また、定期的に大きな病院に通院するのですが、電車で行く必要があり、しかも診察内容によっては時間が朝早いことも。ちょうどラッシュ時間に重なって「邪魔だな、混んでいるときにベビーカーで電車に乗るなよ」と言わんばかりに舌打ちされ、車いすを蹴られたこともあります。

 

── 通院は必要不可欠な外出なのに、こうした対応をされるのはとてもつらいですね。

 

本田さん:子どもが2~3歳のころは、親も精神的に苦しいんです。まず、わが子に障がいがあると受け入れるには時間がかかります。また、子どもの病状も悪い場合が多く、たくさんの病院や施設に通って神経をすり減らす毎日です。

 

こうしたなかで、子ども用車いすで外出すると、周囲から冷たい態度をとられ、心が折れることも…。娘と同じ病気を抱える子どものお母さんたちと病院で顔を合わせると、「また嫌なことを言われた」と泣いている人も少なくありませんでした。

5か月の娘が突然発作「ウエスト症候群」と宣告されて

── 娘さんの病気が発覚した経緯を教えてください。

 

本田さん:娘は生まれてから、順調に育っていました。ところが、生後5か月の終わりくらいのある朝、授乳するために顔を見たら、白目をむいて意識を失って泡を吹いていました。しかも、全身けいれんを起こしていて…。驚いて救急車を呼ぶと総合病院に搬送され、即入院に。そこで脳波の検査などもしたのですが、はっきりした原因がわかりませんでした。

 

容体がよくならないので、さらに規模の大きな医療センターに転院しました。

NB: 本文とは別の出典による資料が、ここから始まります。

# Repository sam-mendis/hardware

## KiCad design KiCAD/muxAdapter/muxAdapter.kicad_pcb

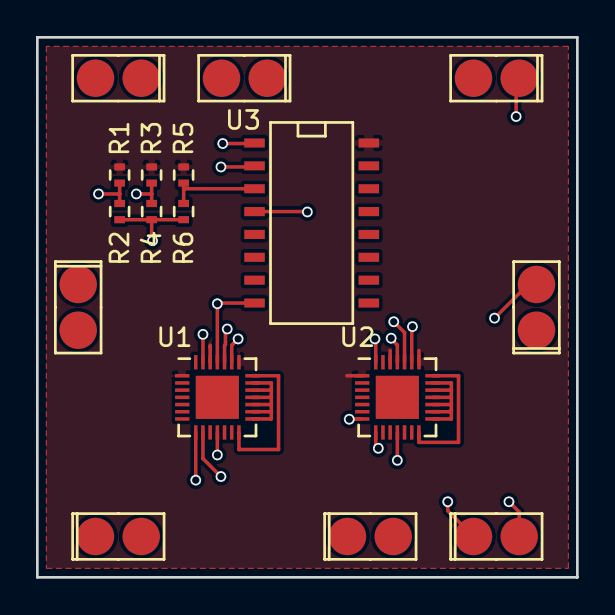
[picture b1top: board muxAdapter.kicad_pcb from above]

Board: 4 copper layers, 30.0 x 30.0 mm, 55 parts (38 on the bottom side), 29 nets.

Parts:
P1, P2, P3, P4, P5, P6, P7, P8, P9, P10, P11, P12, P13, P14, P15, P16, P17, P18, P19, P20, P21, P22, P23, P24, P25, P26, P27, P28, P29, P30, P31, P32, P33, P34, P35, P36, P37, P38: CONN_01X01; 0508-0-00-15-00-00-03-0
P39, P40, P41, P42, P43, P44, P45, P46: CONN_01X02; 812-22-002-30-007101
R1, R2, R3, R4, R5, R6: R; R_0402
U1, U2: MAX14662; QFN-28-1EP_4x4mm_Pitch0.4mm
U3: PCF8574; SO-16-N

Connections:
0_I: P40.2, U1.3
0_V: P40.1, U2.3
1_I: P41.1, U1.4
1_V: P41.2, U2.4
2_I: P42.2, U1.5
2_V: P42.1, U2.5
3_I: P43.1, U1.6
3_V: P43.2, U2.6
4_I: P44.2, U1.7
4_V: P44.1, U2.7
5_I: P45.1, U1.8
5_V: P45.2, U2.8
+5V: R1.1, R3.1, R5.1, U1.1, U1.22, U1.26, U2.1, U2.22, U2.26, U3.16
A0: R1.2, R2.1, U3.1
A1: R3.2, R4.1, U3.2
A2: R5.2, R6.1, U3.3
GND: R2.2, R4.2, R6.2, U1.11, U1.25, U2.11, U2.25, U3.8
I+: U1.15, U1.16, U1.17, U1.18, U1.19, U1.20
I-: U1.14, U1.21
L_I: P39.1, U1.2
L_V: P39.2, U2.2
MOSI: U1.27, U2.27
unnamed: U1.23, U2.28
R_I: P46.2, U1.9
R_V: P46.1, U2.9
SCK: U1.24, U2.24
SM_CS: U2.23, U3.4
V+: U2.15, U2.16, U2.17, U2.18, U2.19, U2.20
V-: U2.14, U2.21

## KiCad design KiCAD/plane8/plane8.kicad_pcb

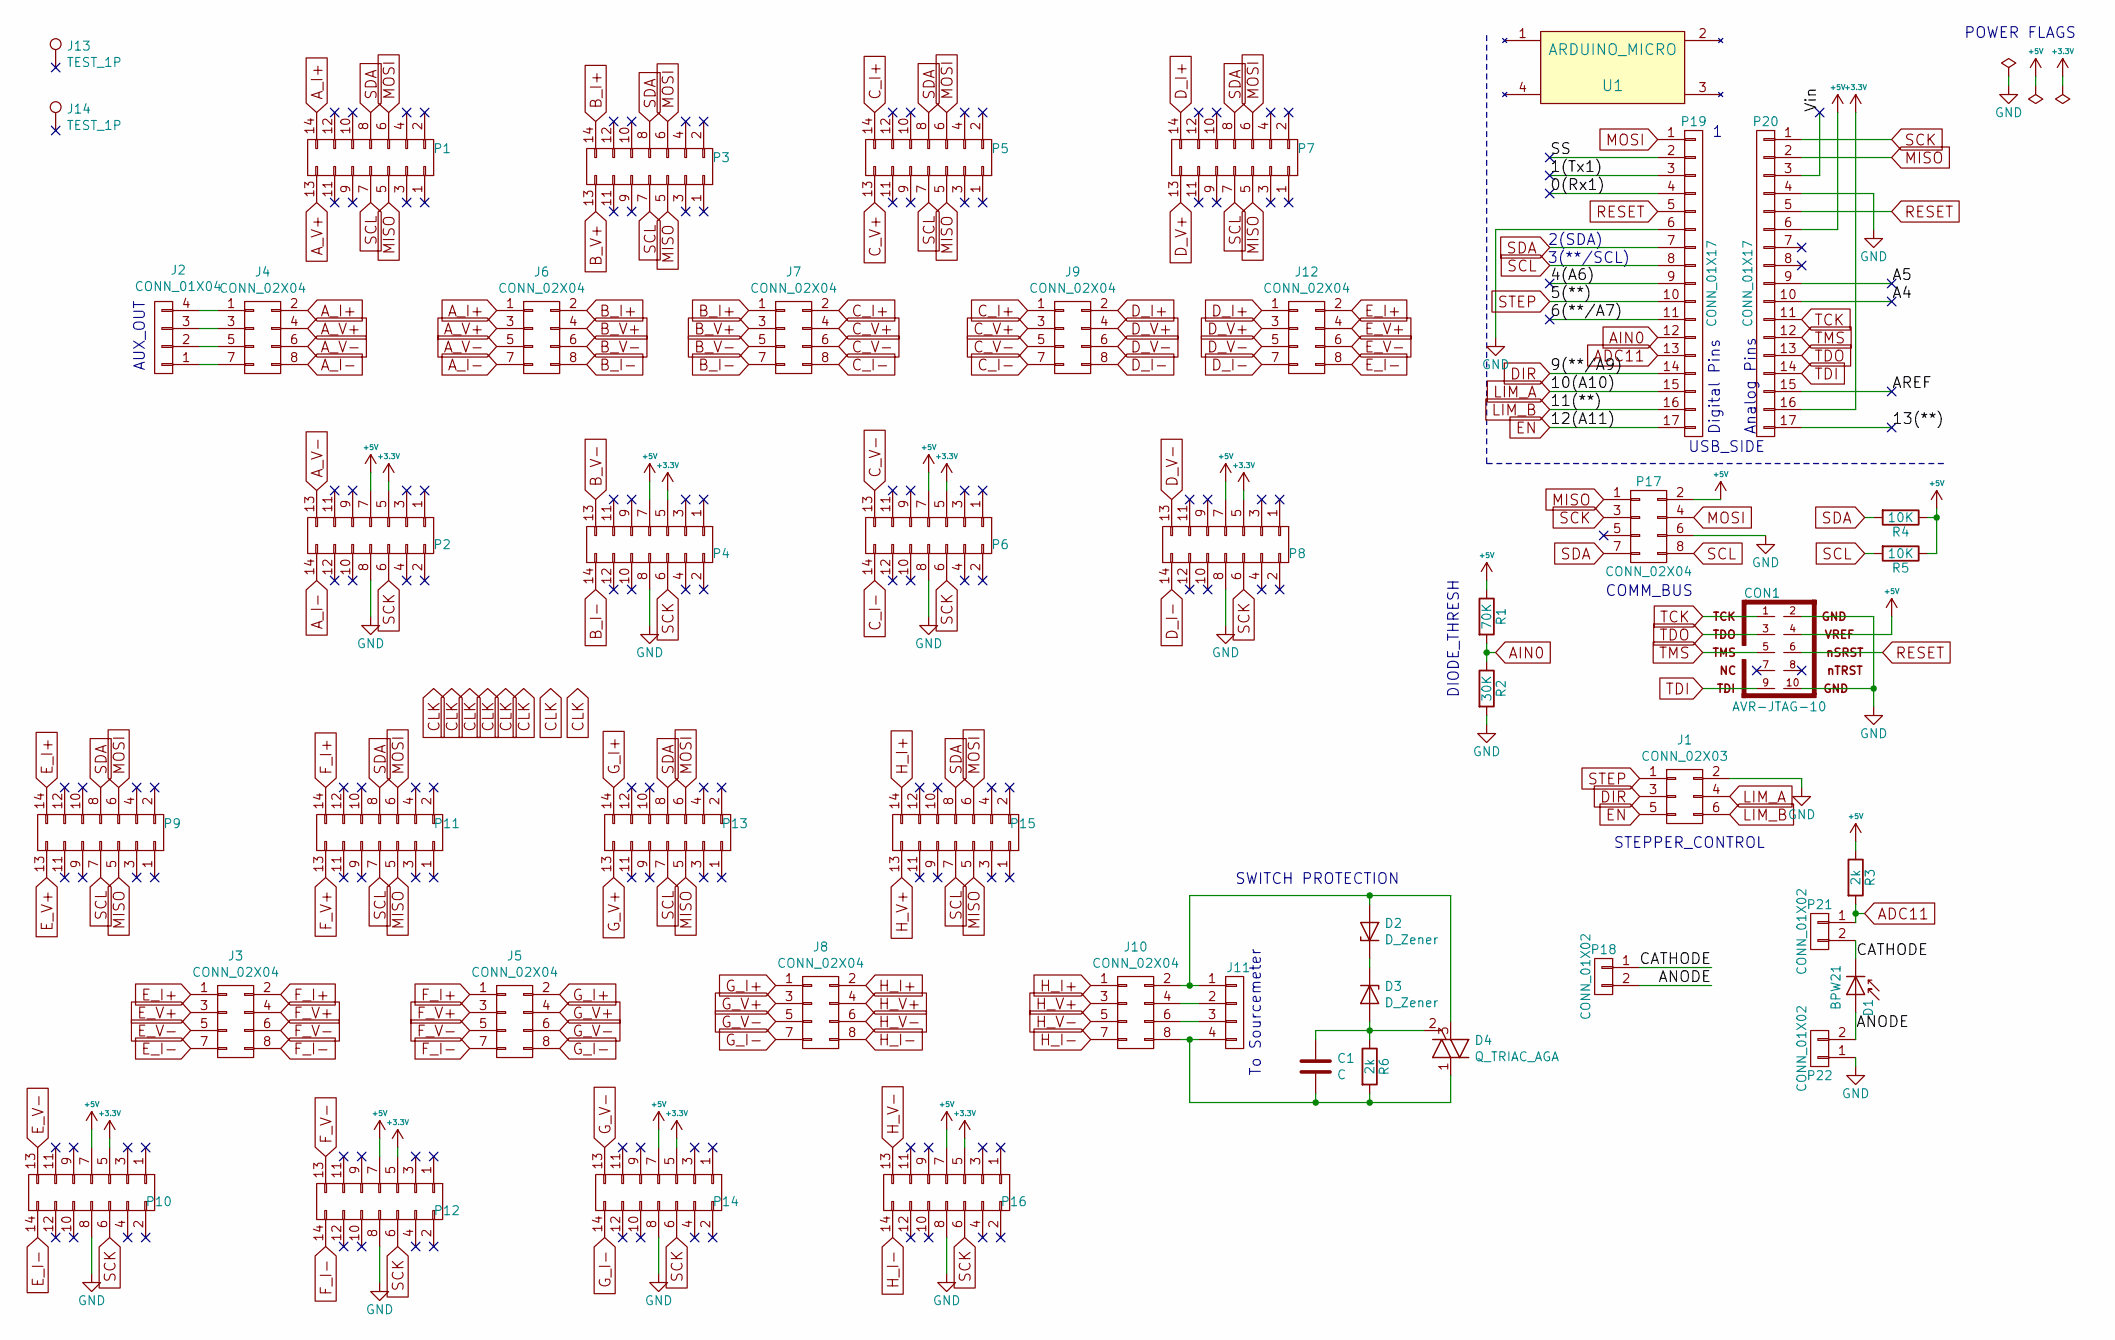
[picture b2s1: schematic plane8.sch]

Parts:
C1: C; C_0805_HandSoldering
CON1: AVR-JTAG-10; Pin_Header_Straight_2x05_Pitch2.54mm
D1: BPW21
D2, D3: D_Zener; D_DO-41_SOD81_P10.16mm_Horizontal
D4: Q_TRIAC_AGA; TO-92_Horizontal1_Molded_Narrow
J1: CONN_02X03; Pin_Header_Straight_2x03_Pitch2.54mm
J2, J11: CONN_01X04; Pin_Header_Angled_1x04_Pitch2.54mm
J3, J4, J5, J6, J7, J8, J9, J10, J12: CONN_02X04; Pin_Header_Straight_2x04_Pitch2.54mm
J13, J14: TEST_1P; MountingHole_2.2mm_M2_Pad
P1, P3, P5, P7, P9, P11, P13, P15: CONN_02X07; TSW-107-22-T-D-INV
P2, P4, P6, P8, P10, P12, P14, P16: CONN_02X07; TSW-107-22-T-D
P17: CONN_02X04; Pin_Header_Straight_2x04_Pitch2.54mm
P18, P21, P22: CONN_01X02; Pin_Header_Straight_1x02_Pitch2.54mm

その間も娘の具合は悪化し、いろんな発作を起こすように。急に動きがピタッと止まり、顔色も唇もザーッと黒くなり、ふーっと急に息を吹き返すことも。最初の発作から1か月半後くらいに「ウエスト症候群(点頭てんかん)」と「難治性てんかん(焦点発作)」の2種類のてんかんと診断されました。

 

生後5か月で初めて救急搬送された日の様子

ウエスト症候群は、生後3〜11か月ころに発症し、原因がまだわからないことも多い疾患です。発作はモロー反射に似ていて気づかれにくいものの脳へのダメージは深刻で、この疾患にかかると約9割の人になんらかの障がいが残るといわれています。つまり、娘は「おそらく障がい者になるだろう」と告知されたわけです。想像もしなかったことだったので、「まさかうちの子が?」と、ものすごくショックでした。

障がいがあっても暮らしやすい社会にしたい

── とてもつらい状況でしたね。現実を受け止めるのも大変な状況のなか、子ども用車いすの周知活動に取り組もうと思ったのはなぜでしょうか。

 

本田さん:子どものためになることをしたかったからです。もともと私は、キャラ弁やかわいい洋服を手作りするなど、家庭的なことはあまり自信がないタイプ。でも、ずっと仕事をして新規事業の立ち上げなどにも関わってきたので、その経験を生かし、わが子が暮らしやすくなるための活動をしたいと考えました。

 

娘と外出して思ったのは、子ども用車いすにまつわるトラブルの多くは、その存在が周知されていないから起こるのでは?ということです。たとえば、大人の車いすユーザーの場合、電車に乗る際はタラップを出してもらえ、商業施設などのエスカレーターでも専用のスロープを使用できます。

 

でも、子ども用車いすはベビーカーと間違えられ、「お母さんが抱っこしてください」と言われてしまいます。障がいや病気で動けない子どもは、腰や首が座っていない場合も多いです。重い子ども用車いすをたたみ、片手で抱えながら、不安定な身体の子どもを抱っこするのは至難のわざ。公共交通機関や施設側も子ども用車いすの存在を知らないため、結果的に介助が必要な人を排除することになり、おたがいデメリットしかありませんでした。

 

天神橋筋商店街に貼られた子ども用車いすの啓発ポスター

── たしかに子ども用車いすの存在が知られていないから起こる、すれ違いですね。

 

本田さん:でも、こうしたすれ違いは状況を説明し、理解してもらえば解決するはずです。私自身、娘が障がいを抱えたことで、こんなに不便でつらい思いをしている人がいるんだとはじめて知りました。少しでも多くの人に子ども用車いすの存在を知ってもらうため、2015年「一般社団法人mina family」を立ち上げました。

 

最近になってようやく、子ども用車いすの存在は認知され始めてきたように思います。でも、車いすを利用する子どもたちやそのお母さんが不便を感じず、日常生活を送れているかというと、まだその域にまで達していない気がします。少しずつでも、障がいや病気を抱える子どもたちが暮らしやすい社会にしていくのが私の目標です。

 

PROFILE 本田香織さん

2012年生まれの長女が生後6か月で難病の「ウエスト症候群」と診断される。肢体不自由・精神発達遅延のある娘のため、2015年「一般社団法人 mina family」を立ち上げ、子ども用車いすを多くの人に知ってもらうための活動、病気や障がいをもつ子どもとその家族へのサポート活動を行っている。